Not discussed on the call:
but I'll run the issues by the users as well when I speak to them.
Example for homodimers: https://www.ebi.ac.uk/complexportal/complex/EBI-2881436 Platelet-derived growth factor AA complex Homodimer of P04085 PDGF subunit A Only exists as dimer and functions a ligand for PDGF receptors I haven't looked for the experiments for the activity as the complex evidence came from a crystal but from memory PDGF ligands are well described as obligate dimers.
PDGF ligands come in 5 flavours: AA, AB, BB, CC, DD.
And, the receptors (alpha-alpha, beta-beta or alpha-beta) don't dimerise until the ligand complex binds, forming an obligate heterotetrameric receptor-ligand complex!
So, the activities rely both on the dimeric ligand and the tetrameric receptor-ligand.
Food for thought how you would annotate that!
Added to google doc as well.
Google sheet for list of GPs as participants of catalytic complexes and their biol role annotations in the CP: https://docs.google.com/spreadsheets/d/1-9PdAJ8BvrjhPWLx5pB9N0rS6hDNgYifO4_3CmbplEo/edit?usp=sharing
Summary from call on 15/3/18:
Present: Lauren-Philip, Pascale, Peter, Edith, Kimberly, Harold, Val, Tanya, Ruth, Sandra, Birgit
Lauren-Philip has a protein-protein interaction background and introduced his interest in complexes as drug targets.
We looked through the Google sheet that contains all GPs from complexes annotated to "catalytic activity" and split by their biological roles: enzyme, enzyme regulator and unspecified role.
Points to consider:
Decision 1: Infer MF only to GPs annotated with biological role=enzyme!

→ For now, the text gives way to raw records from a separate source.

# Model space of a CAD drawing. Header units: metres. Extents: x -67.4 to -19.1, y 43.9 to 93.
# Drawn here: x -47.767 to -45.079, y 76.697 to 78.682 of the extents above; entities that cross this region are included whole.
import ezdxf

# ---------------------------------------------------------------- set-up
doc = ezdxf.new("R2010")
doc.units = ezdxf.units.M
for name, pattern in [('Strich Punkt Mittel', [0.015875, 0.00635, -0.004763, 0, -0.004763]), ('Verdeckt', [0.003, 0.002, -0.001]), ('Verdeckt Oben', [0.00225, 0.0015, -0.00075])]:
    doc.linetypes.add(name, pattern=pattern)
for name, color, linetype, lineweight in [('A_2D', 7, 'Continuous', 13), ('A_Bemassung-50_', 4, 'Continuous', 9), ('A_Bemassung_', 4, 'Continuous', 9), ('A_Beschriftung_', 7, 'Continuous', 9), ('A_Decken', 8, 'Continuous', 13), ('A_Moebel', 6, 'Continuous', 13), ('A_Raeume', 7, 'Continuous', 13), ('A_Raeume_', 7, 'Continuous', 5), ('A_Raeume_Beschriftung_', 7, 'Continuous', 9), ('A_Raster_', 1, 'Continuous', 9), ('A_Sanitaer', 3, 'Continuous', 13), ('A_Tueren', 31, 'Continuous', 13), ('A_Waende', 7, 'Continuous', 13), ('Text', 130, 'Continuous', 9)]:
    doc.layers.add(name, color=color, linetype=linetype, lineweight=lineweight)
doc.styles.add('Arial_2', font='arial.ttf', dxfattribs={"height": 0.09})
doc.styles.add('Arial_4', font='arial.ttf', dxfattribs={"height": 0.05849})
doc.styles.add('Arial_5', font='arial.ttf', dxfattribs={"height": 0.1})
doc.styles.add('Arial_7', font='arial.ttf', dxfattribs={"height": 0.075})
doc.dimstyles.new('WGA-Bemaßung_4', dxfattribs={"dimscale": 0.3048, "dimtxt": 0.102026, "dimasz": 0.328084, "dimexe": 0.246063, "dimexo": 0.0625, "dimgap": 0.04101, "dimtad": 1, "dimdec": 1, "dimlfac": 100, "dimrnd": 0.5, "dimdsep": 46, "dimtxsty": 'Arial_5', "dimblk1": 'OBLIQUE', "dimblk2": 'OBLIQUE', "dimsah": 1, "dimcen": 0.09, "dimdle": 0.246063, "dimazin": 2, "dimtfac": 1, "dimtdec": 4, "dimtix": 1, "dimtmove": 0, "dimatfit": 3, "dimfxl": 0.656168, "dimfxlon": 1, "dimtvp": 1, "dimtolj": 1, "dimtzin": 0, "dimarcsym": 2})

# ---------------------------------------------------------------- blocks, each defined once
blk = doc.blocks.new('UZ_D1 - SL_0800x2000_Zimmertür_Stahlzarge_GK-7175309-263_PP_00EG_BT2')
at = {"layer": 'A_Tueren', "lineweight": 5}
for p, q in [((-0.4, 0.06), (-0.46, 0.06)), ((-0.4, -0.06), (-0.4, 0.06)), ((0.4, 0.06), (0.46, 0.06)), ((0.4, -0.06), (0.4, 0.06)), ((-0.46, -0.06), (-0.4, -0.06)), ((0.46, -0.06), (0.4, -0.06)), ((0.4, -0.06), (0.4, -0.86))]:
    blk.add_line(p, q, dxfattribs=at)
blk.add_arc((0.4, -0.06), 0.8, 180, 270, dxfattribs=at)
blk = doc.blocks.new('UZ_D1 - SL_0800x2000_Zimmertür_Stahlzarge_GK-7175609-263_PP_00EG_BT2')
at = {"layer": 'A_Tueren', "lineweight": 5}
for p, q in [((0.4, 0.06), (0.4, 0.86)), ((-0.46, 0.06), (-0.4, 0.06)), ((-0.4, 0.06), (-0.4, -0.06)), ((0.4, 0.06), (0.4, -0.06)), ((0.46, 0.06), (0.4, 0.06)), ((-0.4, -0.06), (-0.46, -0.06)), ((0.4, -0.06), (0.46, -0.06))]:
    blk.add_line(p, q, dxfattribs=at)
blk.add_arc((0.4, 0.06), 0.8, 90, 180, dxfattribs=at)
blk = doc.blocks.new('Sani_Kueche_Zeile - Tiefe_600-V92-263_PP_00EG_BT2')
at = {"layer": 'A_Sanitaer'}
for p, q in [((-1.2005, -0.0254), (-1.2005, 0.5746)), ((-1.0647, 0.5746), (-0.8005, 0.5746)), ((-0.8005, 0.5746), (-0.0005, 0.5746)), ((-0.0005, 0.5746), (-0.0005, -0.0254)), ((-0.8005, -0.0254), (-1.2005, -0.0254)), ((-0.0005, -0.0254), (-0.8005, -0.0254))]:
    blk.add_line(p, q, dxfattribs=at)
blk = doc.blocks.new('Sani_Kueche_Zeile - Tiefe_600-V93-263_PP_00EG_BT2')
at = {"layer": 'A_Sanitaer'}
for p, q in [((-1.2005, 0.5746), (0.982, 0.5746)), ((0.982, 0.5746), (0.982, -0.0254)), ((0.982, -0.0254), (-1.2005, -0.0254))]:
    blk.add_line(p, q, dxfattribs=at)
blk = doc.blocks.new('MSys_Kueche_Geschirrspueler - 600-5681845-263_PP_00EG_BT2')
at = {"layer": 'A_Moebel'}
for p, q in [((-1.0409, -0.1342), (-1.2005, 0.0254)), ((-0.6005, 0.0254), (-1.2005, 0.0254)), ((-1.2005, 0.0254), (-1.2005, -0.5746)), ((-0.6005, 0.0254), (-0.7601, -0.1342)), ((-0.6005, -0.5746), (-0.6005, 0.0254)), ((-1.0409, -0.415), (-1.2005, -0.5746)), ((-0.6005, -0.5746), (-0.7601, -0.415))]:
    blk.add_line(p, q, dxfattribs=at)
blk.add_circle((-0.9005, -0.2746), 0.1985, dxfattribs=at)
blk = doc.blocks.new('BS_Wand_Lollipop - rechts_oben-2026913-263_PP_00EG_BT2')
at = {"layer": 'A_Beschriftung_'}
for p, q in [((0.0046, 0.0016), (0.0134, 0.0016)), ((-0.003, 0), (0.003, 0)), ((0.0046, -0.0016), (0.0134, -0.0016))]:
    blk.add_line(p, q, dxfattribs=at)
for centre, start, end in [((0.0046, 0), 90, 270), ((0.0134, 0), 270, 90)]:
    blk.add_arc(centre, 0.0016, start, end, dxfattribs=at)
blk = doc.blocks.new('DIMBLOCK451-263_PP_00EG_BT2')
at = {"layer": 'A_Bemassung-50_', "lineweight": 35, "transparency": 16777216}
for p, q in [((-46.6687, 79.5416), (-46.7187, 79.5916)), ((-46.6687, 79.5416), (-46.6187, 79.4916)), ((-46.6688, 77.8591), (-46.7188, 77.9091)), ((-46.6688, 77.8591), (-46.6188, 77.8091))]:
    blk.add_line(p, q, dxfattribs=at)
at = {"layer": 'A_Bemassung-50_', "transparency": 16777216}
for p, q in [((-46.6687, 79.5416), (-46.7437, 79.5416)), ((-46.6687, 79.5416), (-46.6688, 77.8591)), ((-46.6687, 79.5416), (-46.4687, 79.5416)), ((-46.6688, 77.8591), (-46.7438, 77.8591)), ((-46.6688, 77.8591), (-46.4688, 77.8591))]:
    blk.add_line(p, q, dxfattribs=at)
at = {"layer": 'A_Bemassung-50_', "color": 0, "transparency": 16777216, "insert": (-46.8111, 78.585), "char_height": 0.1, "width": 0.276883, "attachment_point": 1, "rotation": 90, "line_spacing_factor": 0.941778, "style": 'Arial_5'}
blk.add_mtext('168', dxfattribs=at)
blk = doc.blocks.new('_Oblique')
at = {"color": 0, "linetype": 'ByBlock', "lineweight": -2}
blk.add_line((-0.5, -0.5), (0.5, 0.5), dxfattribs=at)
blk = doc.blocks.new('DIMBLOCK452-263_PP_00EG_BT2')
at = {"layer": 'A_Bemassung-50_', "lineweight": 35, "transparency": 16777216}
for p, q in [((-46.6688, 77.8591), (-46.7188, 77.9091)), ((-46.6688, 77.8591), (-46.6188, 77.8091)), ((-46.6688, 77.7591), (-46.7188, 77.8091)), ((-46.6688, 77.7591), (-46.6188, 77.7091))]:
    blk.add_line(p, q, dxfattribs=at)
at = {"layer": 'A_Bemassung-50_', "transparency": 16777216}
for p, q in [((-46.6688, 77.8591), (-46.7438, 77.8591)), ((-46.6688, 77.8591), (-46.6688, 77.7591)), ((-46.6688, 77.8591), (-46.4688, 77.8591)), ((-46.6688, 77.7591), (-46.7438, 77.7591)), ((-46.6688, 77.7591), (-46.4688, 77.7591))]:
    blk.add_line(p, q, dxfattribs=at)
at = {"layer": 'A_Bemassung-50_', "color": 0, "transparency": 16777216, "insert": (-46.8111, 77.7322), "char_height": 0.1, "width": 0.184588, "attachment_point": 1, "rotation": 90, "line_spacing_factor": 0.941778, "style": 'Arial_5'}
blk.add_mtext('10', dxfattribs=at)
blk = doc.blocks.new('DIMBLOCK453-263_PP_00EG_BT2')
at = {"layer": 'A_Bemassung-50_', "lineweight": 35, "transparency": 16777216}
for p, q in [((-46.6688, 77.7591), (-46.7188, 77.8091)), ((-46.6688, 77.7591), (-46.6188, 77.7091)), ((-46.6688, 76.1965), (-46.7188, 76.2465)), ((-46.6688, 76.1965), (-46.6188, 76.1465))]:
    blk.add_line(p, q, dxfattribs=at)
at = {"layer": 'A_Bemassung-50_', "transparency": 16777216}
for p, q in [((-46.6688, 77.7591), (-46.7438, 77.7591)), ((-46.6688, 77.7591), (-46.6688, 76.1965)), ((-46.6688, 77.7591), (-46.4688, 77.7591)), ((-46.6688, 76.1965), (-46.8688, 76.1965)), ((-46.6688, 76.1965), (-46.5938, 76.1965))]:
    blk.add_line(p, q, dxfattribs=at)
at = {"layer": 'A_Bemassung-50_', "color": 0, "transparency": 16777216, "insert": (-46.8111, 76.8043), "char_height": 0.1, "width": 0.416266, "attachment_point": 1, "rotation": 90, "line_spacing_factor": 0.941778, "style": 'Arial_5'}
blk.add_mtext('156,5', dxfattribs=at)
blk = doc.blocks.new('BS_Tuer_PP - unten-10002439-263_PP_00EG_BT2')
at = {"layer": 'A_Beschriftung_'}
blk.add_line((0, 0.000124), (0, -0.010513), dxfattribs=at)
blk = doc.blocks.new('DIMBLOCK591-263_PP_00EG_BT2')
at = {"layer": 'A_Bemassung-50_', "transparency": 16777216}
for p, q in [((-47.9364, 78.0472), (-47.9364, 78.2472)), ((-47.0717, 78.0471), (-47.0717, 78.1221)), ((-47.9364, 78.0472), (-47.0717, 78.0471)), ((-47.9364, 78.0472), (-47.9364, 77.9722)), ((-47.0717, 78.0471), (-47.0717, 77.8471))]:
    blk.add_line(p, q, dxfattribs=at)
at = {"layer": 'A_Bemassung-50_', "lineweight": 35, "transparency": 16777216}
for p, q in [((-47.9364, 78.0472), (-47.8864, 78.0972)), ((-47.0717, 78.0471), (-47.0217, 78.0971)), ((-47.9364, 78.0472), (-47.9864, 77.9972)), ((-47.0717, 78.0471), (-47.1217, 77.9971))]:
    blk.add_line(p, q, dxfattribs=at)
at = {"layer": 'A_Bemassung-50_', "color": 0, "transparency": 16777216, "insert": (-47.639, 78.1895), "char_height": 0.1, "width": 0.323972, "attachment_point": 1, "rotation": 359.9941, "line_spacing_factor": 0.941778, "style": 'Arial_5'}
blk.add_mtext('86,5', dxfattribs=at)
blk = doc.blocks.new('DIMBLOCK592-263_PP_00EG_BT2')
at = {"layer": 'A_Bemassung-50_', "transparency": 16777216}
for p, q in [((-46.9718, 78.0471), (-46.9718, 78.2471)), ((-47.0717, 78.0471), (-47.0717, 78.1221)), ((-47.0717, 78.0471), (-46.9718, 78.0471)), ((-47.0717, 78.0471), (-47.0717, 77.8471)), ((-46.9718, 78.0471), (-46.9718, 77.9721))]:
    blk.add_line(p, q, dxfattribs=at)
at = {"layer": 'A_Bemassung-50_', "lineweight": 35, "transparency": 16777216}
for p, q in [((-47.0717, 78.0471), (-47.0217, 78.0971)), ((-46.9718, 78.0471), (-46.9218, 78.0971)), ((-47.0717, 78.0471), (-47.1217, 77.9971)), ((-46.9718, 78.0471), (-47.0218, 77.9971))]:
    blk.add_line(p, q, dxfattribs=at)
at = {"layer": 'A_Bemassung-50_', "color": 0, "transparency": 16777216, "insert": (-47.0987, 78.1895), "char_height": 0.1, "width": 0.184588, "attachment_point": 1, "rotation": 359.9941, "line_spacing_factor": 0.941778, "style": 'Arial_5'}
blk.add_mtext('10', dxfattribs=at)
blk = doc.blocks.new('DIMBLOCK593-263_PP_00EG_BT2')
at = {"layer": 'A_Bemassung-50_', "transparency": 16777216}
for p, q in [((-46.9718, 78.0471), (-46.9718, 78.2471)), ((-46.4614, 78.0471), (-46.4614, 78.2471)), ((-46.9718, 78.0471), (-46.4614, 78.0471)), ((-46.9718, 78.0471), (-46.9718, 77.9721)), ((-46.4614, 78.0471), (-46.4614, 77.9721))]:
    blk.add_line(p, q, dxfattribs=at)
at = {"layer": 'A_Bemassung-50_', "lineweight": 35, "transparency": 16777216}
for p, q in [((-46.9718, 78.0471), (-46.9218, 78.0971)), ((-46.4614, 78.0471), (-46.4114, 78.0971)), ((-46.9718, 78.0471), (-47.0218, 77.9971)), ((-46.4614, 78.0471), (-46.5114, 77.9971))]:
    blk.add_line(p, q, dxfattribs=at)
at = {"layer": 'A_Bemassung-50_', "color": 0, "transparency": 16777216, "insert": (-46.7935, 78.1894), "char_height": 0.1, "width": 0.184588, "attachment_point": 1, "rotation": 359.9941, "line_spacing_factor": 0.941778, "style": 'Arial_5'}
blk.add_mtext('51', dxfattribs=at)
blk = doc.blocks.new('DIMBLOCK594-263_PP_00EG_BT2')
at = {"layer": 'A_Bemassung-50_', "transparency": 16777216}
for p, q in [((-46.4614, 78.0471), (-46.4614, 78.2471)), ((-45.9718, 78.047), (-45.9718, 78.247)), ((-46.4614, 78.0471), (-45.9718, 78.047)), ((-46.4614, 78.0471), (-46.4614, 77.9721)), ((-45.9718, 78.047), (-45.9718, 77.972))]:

Thought: can we capture the "regulator activity" by walking through the ontology?
E.g. CPX-1001(EBI-13638510) Calcineurin-Calmodulin complex, gamma-R1 variant has GO:0033192 calmodulin-dependent protein phosphatase activity. Its parent GO:0004723 calcium-dependent protein serine/threonine phosphatase activity has a FUNCTION regulates child GO:0008597 calcium-dependent protein serine/threonine phosphatase regulator activity which would be applicable for the complex's 2 regulatory subunits, Calmodulin and Calcineurin.
Decision 2: Try and infer MF to GPs annotated with biological role=enzyme regulator to the class of regulator activity
Decision 3: At the moment we can't infer these as we didn't annotate the X binding property to the specific complex member but only the complex. Ruth: Could MODs annotates missing binding evidences from papers CP curators find as part of their curation? - add to GOC mtg agenda for Complex topic
Thank you all for your valuable input!!! I have something to work on now (well, Noe and Tony :) )
Update: Rather than sending papers with missing GP annotation evidence to MODs we could add those directly through P2GO --> AI: Complex curators to be trained in P2GO!
Update from NYU GOC mtg:
What do we do if there are 2 or more enzyme subunits and 2 or more function annotations on one complex? A script doesn't know which subunit has which function. --> Manually annotate in P2GO?
This translation is now done. GO MFs are NOT inferred from Intact/Complex portal annotations, only BPs.
Follow up from GOC meeting in Cambridge 2017:
The working group agreed that the CC (but see #1639 with regards to the required qualifiers!) and BP annotations would be equally appropriate for the complex subunits as they are for the complex so we'll extract them in the new Complex Portal GDAP.
However, extrapolating to MF is tricky:
We decided that we could infer the activity of the active subunit if it has been annotated as 'enzyme' in the CP. However, we could we also extrapolate something about the in-active complex members. In the past people used contributes_to but it has been proposed that this relationship should be obsolete or at least used with great care (#1650 - proposal guidelines). Can we say anything else about the MF of an inactive complex member?
Please post your use cases and proposals here.